Рэйн безразлично пожимает плечами, и снова начинает перещелкивать каналы телевизора.
— Ты ничего не знаешь о змеиной яме, в которую попала… Красотка.
А он ведь прав — я ничего обо всем этом не знаю.
Понятия не имею, кто и чем дышит в этой семье, какие между ними отношения. Ну кроме того, что Островский запросто, если бы их не разняли охранники, убил бы собственного сына в своем же дом в день своей же свадьбы!
Это до сих пор так сильно будоражит мой мозг, что я непроизвольно потираю плечи.
Рэйн косится в мою сторону, а потом подтягивает к себе поднос, берет с тарелки последний тост и начинает им хрустеть.
— Если твой отец… не может иметь детей, то зачем ему я? У него есть двое детей, и они достаточно… — Я запинаюсь. — Прости. Трое детей.
Рэйн хохочет набитым ртом и не стесняется, когда крошки градом валятся на одеяло.

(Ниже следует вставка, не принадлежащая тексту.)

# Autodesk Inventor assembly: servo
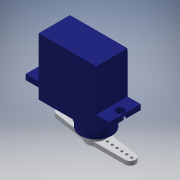
[picture p0: Inventor's stored thumbnail of the model, 180x180]
Saved by Autodesk Inventor 2016 (Build 200138000, 138)
## iProperties
Created: 2017-12-29
Part Number: servo
Material: Genérico
Document SubType Name: Assembly
Designer: David
Author: David
## Documents named in this file (3)
- C:\Users\David\Desktop\robot1 2018\piezas\servo.iam
- C:\Users\David\Desktop\robot1 2018\piezas\cosito servo.ipt
- C:\Users\David\Desktop\robot1 2018\piezas\servo.ipt
## Components (2 placed, 2 different names)
1. cosito servo:1 — De rotación:1
2. servo:1 — De rotación:1
## Relationships (1: RevoluteJoint 1)
- De rotación:1 [RevoluteJoint]: cosito servo:1 ↔ servo:1
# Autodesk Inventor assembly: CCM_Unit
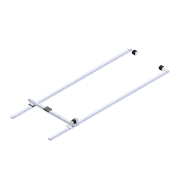
[picture p0: Inventor's stored thumbnail of the model, 180x180]
Saved by Autodesk Inventor 2020 (Build 240168000, 168)
## iProperties
Created: 2021-02-24
Part Number: CCM_Unit
Document SubType Name: Assembly
Designer: magnarecta
Author: magnarecta
## Documents named in this file (8)
- D:\Document\Github\Eto_Project\Hardware\Asem\CCM_Unit.iam
- D:\Document\Github\Eto_Project\Hardware\Parts\CCM\CCM motion linear guide rail\CCM_UNIT\CCM_Unit_C.iam
- D:\Document\Github\Eto_Project\Hardware\Parts\CCM\CCM motion linear guide rail\CCM_UNIT\CCM_Unit_A.iam
- D:\Document\Github\Eto_Project\Hardware\Parts\CCM\CCM motion linear guide rail\CCM_UNIT\CCM_Unit_B.iam
- D:\Document\Github\Eto_Project\Hardware\Parts\Meviy\CCM_Mount_A.ipt
- D:\Document\Github\Eto_Project\Hardware\Parts\CCM\CCM motion linear guide rail\57 Aside Speed Reducer(2050)__1.ipt
- D:\Document\Github\Eto_Project\Hardware\Parts\Stepper_Motor\NEMA23 Stepper.ipt
- D:\Document\Github\Eto_Project\Hardware\Parts\Meviy\CCM_Mount_B.ipt
## Components (9 placed, 7 different names)
1. CCM_Unit_C:1 [sub-assembly] — メイト:1, 角度:1, メイト:3, フラッシュ:8, 挿入:5, 挿入:6, フラッシュ:10, フラッシュ:11
2. CCM_Unit_A:1 [sub-assembly] — フラッシュ:1, フラッシュ:2, フラッシュ:3, フラッシュ:4, メイト:1, 角度:1, 挿入:3, 挿入:4, 挿入:8
3. CCM_Unit_B:1 [sub-assembly] — フラッシュ:1, フラッシュ:2, フラッシュ:3, フラッシュ:4, 挿入:9, 角度:3, 挿入:10, 挿入:11
4. CCM_Mount_A:2 — メイト:3, 挿入:3, 挿入:4, フラッシュ:8
5. 57 Aside Speed Reducer(2050)__1:1 — 挿入:5, 挿入:6, 挿入:7, 角度:2
6. NEMA23 Stepper:1 — 挿入:7, 角度:2
7. NEMA23 Stepper:2 — 挿入:9, 角度:3, フラッシュ:9
8. NEMA23 Stepper:3 — 挿入:8, フラッシュ:9
9. CCM_Mount_B:1 — 挿入:10, 挿入:11, フラッシュ:10, フラッシュ:11
## Relationships (22: Insert 9, Flush 8, Angle 3, Mate 2)
- フラッシュ:1 [Flush]: CCM_Unit_A:1 ↔ CCM_Unit_B:1
- フラッシュ:2 [Flush]: CCM_Unit_A:1 ↔ CCM_Unit_B:1
- フラッシュ:3 [Flush]: CCM_Unit_A:1 ↔ CCM_Unit_B:1
- フラッシュ:4 [Flush]: CCM_Unit_A:1 ↔ CCM_Unit_B:1
- メイト:1 [Mate] (3 mm): CCM_Unit_C:1 ↔ CCM_Unit_A:1
- 角度:1 [Angle] (0 deg): CCM_Unit_C:1 ↔ CCM_Unit_A:1
- メイト:3 [Mate]: CCM_Unit_C:1 ↔ CCM_Mount_A:2
- 挿入:3 [Insert]: CCM_Unit_A:1 ↔ CCM_Mount_A:2
- 挿入:4 [Insert]: CCM_Unit_A:1 ↔ CCM_Mount_A:2
- フラッシュ:8 [Flush]: CCM_Unit_C:1 ↔ CCM_Mount_A:2
- 挿入:5 [Insert]: CCM_Unit_C:1 ↔ 57 Aside Speed Reducer(2050)__1:1
- 挿入:6 [Insert]: CCM_Unit_C:1 ↔ 57 Aside Speed Reducer(2050)__1:1
- 挿入:7 [Insert]: 57 Aside Speed Reducer(2050)__1:1 ↔ NEMA23 Stepper:1
- 角度:2 [Angle] (0 deg): 57 Aside Speed Reducer(2050)__1:1 ↔ NEMA23 Stepper:1
- 挿入:8 [Insert] (2 mm): CCM_Unit_A:1 ↔ NEMA23 Stepper:3
- 挿入:9 [Insert] (2 mm): CCM_Unit_B:1 ↔ NEMA23 Stepper:2
- 角度:3 [Angle] (0 deg): CCM_Unit_B:1 ↔ NEMA23 Stepper:2
- フラッシュ:9 [Flush]: NEMA23 Stepper:2 ↔ NEMA23 Stepper:3
- 挿入:10 [Insert]: CCM_Unit_B:1 ↔ CCM_Mount_B:1
- 挿入:11 [Insert]: CCM_Unit_B:1 ↔ CCM_Mount_B:1
- フラッシュ:10 [Flush] (20 mm): CCM_Unit_C:1 ↔ CCM_Mount_B:1
- フラッシュ:11 [Flush]: CCM_Unit_C:1 ↔ CCM_Mount_B:1
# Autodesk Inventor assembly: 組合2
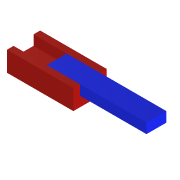
[picture p0: Inventor's stored thumbnail of the model, 180x180]
Saved by Autodesk Inventor 2022 (Build 260153000, 153)
## iProperties
Created: 2023-04-19
Part Number: 組合2
Document SubType Name: Assembly
Designer: JOU
Author: JOU
## Documents named in this file (3)
- C:\Users\JOU\Desktop\git\Special-project\ppt用\組合2.iam
- C:\Users\JOU\Desktop\git\Special-project\ppt用\零件2.ipt
- C:\Users\JOU\Desktop\git\Special-project\ppt用\零件3.ipt
## Components (2 placed, 2 different names)
1. 零件2:1 — 貼合:1, 貼合:2, 齊平:1
2. 零件3:1 — 貼合:1, 貼合:2, 齊平:1
## Relationships (3: Mate 2, Flush 1)
- 貼合:1 [Mate]: 零件2:1 ↔ 零件3:1
- 貼合:2 [Mate]: 零件2:1 ↔ 零件3:1
- 齊平:1 [Flush] (-20 mm): 零件2:1 ↔ 零件3:1

Я мысленно желаю себе терпения и ставлю «зарубку» не забыть утром попросить горничную перестелить постель. Потому что Марат будет в ярости, если его драгоценные телеса почувствуют хоть какой-то дискомфорт. Неделю назад он устроил разнос за то, что кофе, который ему принесли в постель, был недостаточно горячим. Бедная девушка чуть не получила чашкой в голову. Мне не хочется, чтобы она еще раз попала под удар, но теперь уже по моей вине.
— Не извиняйся, Красотка, — отмахивается Рэйн, когда заканчивает жевать. — Я для Островского — ужасный мерзкий паразит на его прекрасном древе в райском саду. Меня вообще не должно было быть. Я ошибка природы. Плод любви женщины, которая любила эту тварь.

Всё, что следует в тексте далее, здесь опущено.